---- RECORDS FOR THIS EXERCISE
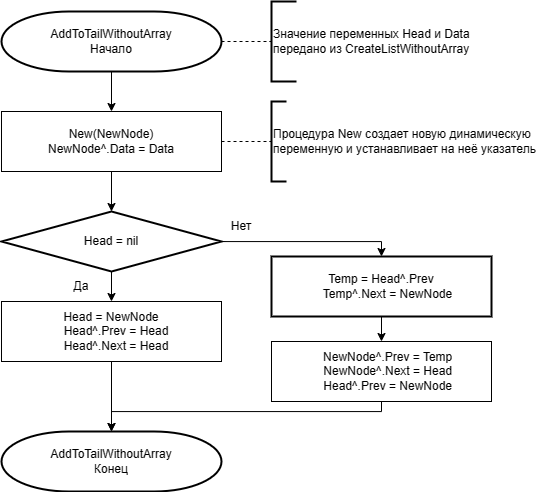

The diagram above was exported from draw.io. Its source (the exported page's mxGraphModel, read from the mxfile embedded in the PNG):
<mxGraphModel dx="1048" dy="673" grid="1" gridSize="10" guides="1" tooltips="1" connect="1" arrows="1" fold="1" page="1" pageScale="1" pageWidth="827" pageHeight="1169" math="0" shadow="0">
  <root>
    <mxCell id="WIyWlLk6GJQsqaUBKTNV-0" />
    <mxCell id="WIyWlLk6GJQsqaUBKTNV-1" parent="WIyWlLk6GJQsqaUBKTNV-0" />
    <mxCell id="chbsQpoeu-h_u_FQyJUZ-4" value="" style="edgeStyle=orthogonalEdgeStyle;rounded=0;orthogonalLoop=1;jettySize=auto;html=1;" edge="1" parent="WIyWlLk6GJQsqaUBKTNV-1" source="chbsQpoeu-h_u_FQyJUZ-0" target="chbsQpoeu-h_u_FQyJUZ-3">
      <mxGeometry relative="1" as="geometry" />
    </mxCell>
    <mxCell id="chbsQpoeu-h_u_FQyJUZ-0" value="AddToTailWithoutArray&lt;div&gt;Начало&lt;/div&gt;" style="strokeWidth=2;html=1;shape=mxgraph.flowchart.terminator;whiteSpace=wrap;" vertex="1" parent="WIyWlLk6GJQsqaUBKTNV-1">
      <mxGeometry x="20" y="40" width="220" height="60" as="geometry" />
    </mxCell>
    <mxCell id="chbsQpoeu-h_u_FQyJUZ-1" value="" style="endArrow=none;dashed=1;html=1;rounded=0;exitX=1;exitY=0.5;exitDx=0;exitDy=0;exitPerimeter=0;" edge="1" parent="WIyWlLk6GJQsqaUBKTNV-1" source="chbsQpoeu-h_u_FQyJUZ-0" target="chbsQpoeu-h_u_FQyJUZ-2">
      <mxGeometry width="50" height="50" relative="1" as="geometry">
        <mxPoint x="170" y="260" as="sourcePoint" />
        <mxPoint x="290" y="70" as="targetPoint" />
      </mxGeometry>
    </mxCell>
    <mxCell id="chbsQpoeu-h_u_FQyJUZ-2" value="Значение переменных Head и Data&lt;div&gt;передано из&amp;nbsp;CreateListWithoutArray&lt;/div&gt;" style="strokeWidth=2;html=1;shape=mxgraph.flowchart.annotation_1;align=left;pointerEvents=1;" vertex="1" parent="WIyWlLk6GJQsqaUBKTNV-1">
      <mxGeometry x="290" y="30" width="25" height="80" as="geometry" />
    </mxCell>
    <mxCell id="chbsQpoeu-h_u_FQyJUZ-8" value="" style="edgeStyle=orthogonalEdgeStyle;rounded=0;orthogonalLoop=1;jettySize=auto;html=1;" edge="1" parent="WIyWlLk6GJQsqaUBKTNV-1" source="chbsQpoeu-h_u_FQyJUZ-3" target="chbsQpoeu-h_u_FQyJUZ-7">
      <mxGeometry relative="1" as="geometry" />
    </mxCell>
    <mxCell id="chbsQpoeu-h_u_FQyJUZ-3" value="New(NewNode)&lt;div&gt;NewNode^.Data = Data&lt;/div&gt;" style="rounded=0;whiteSpace=wrap;html=1;" vertex="1" parent="WIyWlLk6GJQsqaUBKTNV-1">
      <mxGeometry x="20" y="140" width="220" height="60" as="geometry" />
    </mxCell>
    <mxCell id="chbsQpoeu-h_u_FQyJUZ-5" value="" style="endArrow=none;dashed=1;html=1;rounded=0;exitX=1;exitY=0.5;exitDx=0;exitDy=0;" edge="1" parent="WIyWlLk6GJQsqaUBKTNV-1" source="chbsQpoeu-h_u_FQyJUZ-3" target="chbsQpoeu-h_u_FQyJUZ-6">
      <mxGeometry width="50" height="50" relative="1" as="geometry">
        <mxPoint x="170" y="260" as="sourcePoint" />
        <mxPoint x="290" y="170" as="targetPoint" />
      </mxGeometry>
    </mxCell>
    <mxCell id="chbsQpoeu-h_u_FQyJUZ-6" value="Процедура New создает новую динамическую&lt;div&gt;переменную и устанавливает на неё указатель&lt;/div&gt;" style="strokeWidth=2;html=1;shape=mxgraph.flowchart.annotation_1;align=left;pointerEvents=1;" vertex="1" parent="WIyWlLk6GJQsqaUBKTNV-1">
      <mxGeometry x="290" y="130" width="15" height="80" as="geometry" />
    </mxCell>
    <mxCell id="chbsQpoeu-h_u_FQyJUZ-10" value="" style="edgeStyle=orthogonalEdgeStyle;rounded=0;orthogonalLoop=1;jettySize=auto;html=1;" edge="1" parent="WIyWlLk6GJQsqaUBKTNV-1" source="chbsQpoeu-h_u_FQyJUZ-7" target="chbsQpoeu-h_u_FQyJUZ-9">
      <mxGeometry relative="1" as="geometry" />
    </mxCell>
    <mxCell id="chbsQpoeu-h_u_FQyJUZ-14" value="" style="edgeStyle=orthogonalEdgeStyle;rounded=0;orthogonalLoop=1;jettySize=auto;html=1;" edge="1" parent="WIyWlLk6GJQsqaUBKTNV-1" source="chbsQpoeu-h_u_FQyJUZ-7" target="chbsQpoeu-h_u_FQyJUZ-13">
      <mxGeometry relative="1" as="geometry">
        <Array as="points">
          <mxPoint x="400" y="270" />
        </Array>
      </mxGeometry>
    </mxCell>
    <mxCell id="chbsQpoeu-h_u_FQyJUZ-7" value="Head = nil" style="strokeWidth=2;html=1;shape=mxgraph.flowchart.decision;whiteSpace=wrap;" vertex="1" parent="WIyWlLk6GJQsqaUBKTNV-1">
      <mxGeometry x="20" y="240" width="220" height="60" as="geometry" />
    </mxCell>
    <mxCell id="chbsQpoeu-h_u_FQyJUZ-17" value="" style="edgeStyle=orthogonalEdgeStyle;rounded=0;orthogonalLoop=1;jettySize=auto;html=1;" edge="1" parent="WIyWlLk6GJQsqaUBKTNV-1" source="chbsQpoeu-h_u_FQyJUZ-9" target="chbsQpoeu-h_u_FQyJUZ-16">
      <mxGeometry relative="1" as="geometry" />
    </mxCell>
    <mxCell id="chbsQpoeu-h_u_FQyJUZ-9" value="&lt;div&gt;Head = NewNode&lt;/div&gt;&lt;div&gt;&amp;nbsp; &amp;nbsp;Head^.Prev = Head&lt;/div&gt;&lt;div&gt;&amp;nbsp; &amp;nbsp;Head^.Next = Head&lt;/div&gt;" style="rounded=0;whiteSpace=wrap;html=1;" vertex="1" parent="WIyWlLk6GJQsqaUBKTNV-1">
      <mxGeometry x="20" y="330" width="220" height="60" as="geometry" />
    </mxCell>
    <mxCell id="chbsQpoeu-h_u_FQyJUZ-12" value="Да" style="text;html=1;align=center;verticalAlign=middle;whiteSpace=wrap;rounded=0;" vertex="1" parent="WIyWlLk6GJQsqaUBKTNV-1">
      <mxGeometry x="70" y="300" width="60" height="30" as="geometry" />
    </mxCell>
    <mxCell id="chbsQpoeu-h_u_FQyJUZ-20" value="" style="edgeStyle=orthogonalEdgeStyle;rounded=0;orthogonalLoop=1;jettySize=auto;html=1;" edge="1" parent="WIyWlLk6GJQsqaUBKTNV-1" source="chbsQpoeu-h_u_FQyJUZ-13" target="chbsQpoeu-h_u_FQyJUZ-19">
      <mxGeometry relative="1" as="geometry" />
    </mxCell>
    <mxCell id="chbsQpoeu-h_u_FQyJUZ-13" value="&lt;div style=&quot;&quot;&gt;&lt;font style=&quot;font-size: 12px;&quot;&gt;Temp = Head^.Prev&lt;/font&gt;&lt;/div&gt;&lt;div style=&quot;&quot;&gt;&lt;font style=&quot;font-size: 12px;&quot;&gt;&amp;nbsp; &amp;nbsp; Temp^.Next = NewNode&lt;/font&gt;&lt;/div&gt;" style="whiteSpace=wrap;html=1;strokeWidth=2;" vertex="1" parent="WIyWlLk6GJQsqaUBKTNV-1">
      <mxGeometry x="290" y="285" width="220" height="60" as="geometry" />
    </mxCell>
    <mxCell id="chbsQpoeu-h_u_FQyJUZ-15" value="Нет" style="text;html=1;align=center;verticalAlign=middle;whiteSpace=wrap;rounded=0;" vertex="1" parent="WIyWlLk6GJQsqaUBKTNV-1">
      <mxGeometry x="230" y="240" width="60" height="30" as="geometry" />
    </mxCell>
    <mxCell id="chbsQpoeu-h_u_FQyJUZ-16" value="AddToTailWithoutArray&lt;div&gt;Конец&lt;/div&gt;" style="strokeWidth=2;html=1;shape=mxgraph.flowchart.terminator;whiteSpace=wrap;" vertex="1" parent="WIyWlLk6GJQsqaUBKTNV-1">
      <mxGeometry x="20" y="460" width="220" height="60" as="geometry" />
    </mxCell>
    <mxCell id="chbsQpoeu-h_u_FQyJUZ-21" style="edgeStyle=orthogonalEdgeStyle;rounded=0;orthogonalLoop=1;jettySize=auto;html=1;" edge="1" parent="WIyWlLk6GJQsqaUBKTNV-1" source="chbsQpoeu-h_u_FQyJUZ-19" target="chbsQpoeu-h_u_FQyJUZ-16">
      <mxGeometry relative="1" as="geometry">
        <Array as="points">
          <mxPoint x="400" y="440" />
          <mxPoint x="130" y="440" />
        </Array>
      </mxGeometry>
    </mxCell>
    <mxCell id="chbsQpoeu-h_u_FQyJUZ-19" value="&lt;div&gt;&lt;span style=&quot;background-color: initial;&quot;&gt;&amp;nbsp; &amp;nbsp; NewNode^.Prev = Temp&lt;/span&gt;&lt;/div&gt;&lt;div&gt;&lt;div style=&quot;&quot;&gt;&lt;font style=&quot;font-size: 12px;&quot;&gt;&amp;nbsp; &amp;nbsp; NewNode^.Next = Head&lt;/font&gt;&lt;/div&gt;&lt;div style=&quot;&quot;&gt;&lt;font style=&quot;font-size: 12px;&quot;&gt;&amp;nbsp; &amp;nbsp; Head^.Prev = NewNode&lt;/font&gt;&lt;/div&gt;&lt;/div&gt;" style="rounded=0;whiteSpace=wrap;html=1;" vertex="1" parent="WIyWlLk6GJQsqaUBKTNV-1">
      <mxGeometry x="290" y="370" width="220" height="60" as="geometry" />
    </mxCell>
  </root>
</mxGraphModel>
--------
* EXERCISE OBJECTIVE *
For each line above that has the word "middle", add one to a tally, and report the final tally alone.

* RESULT FOR THIS EXERCISE *
2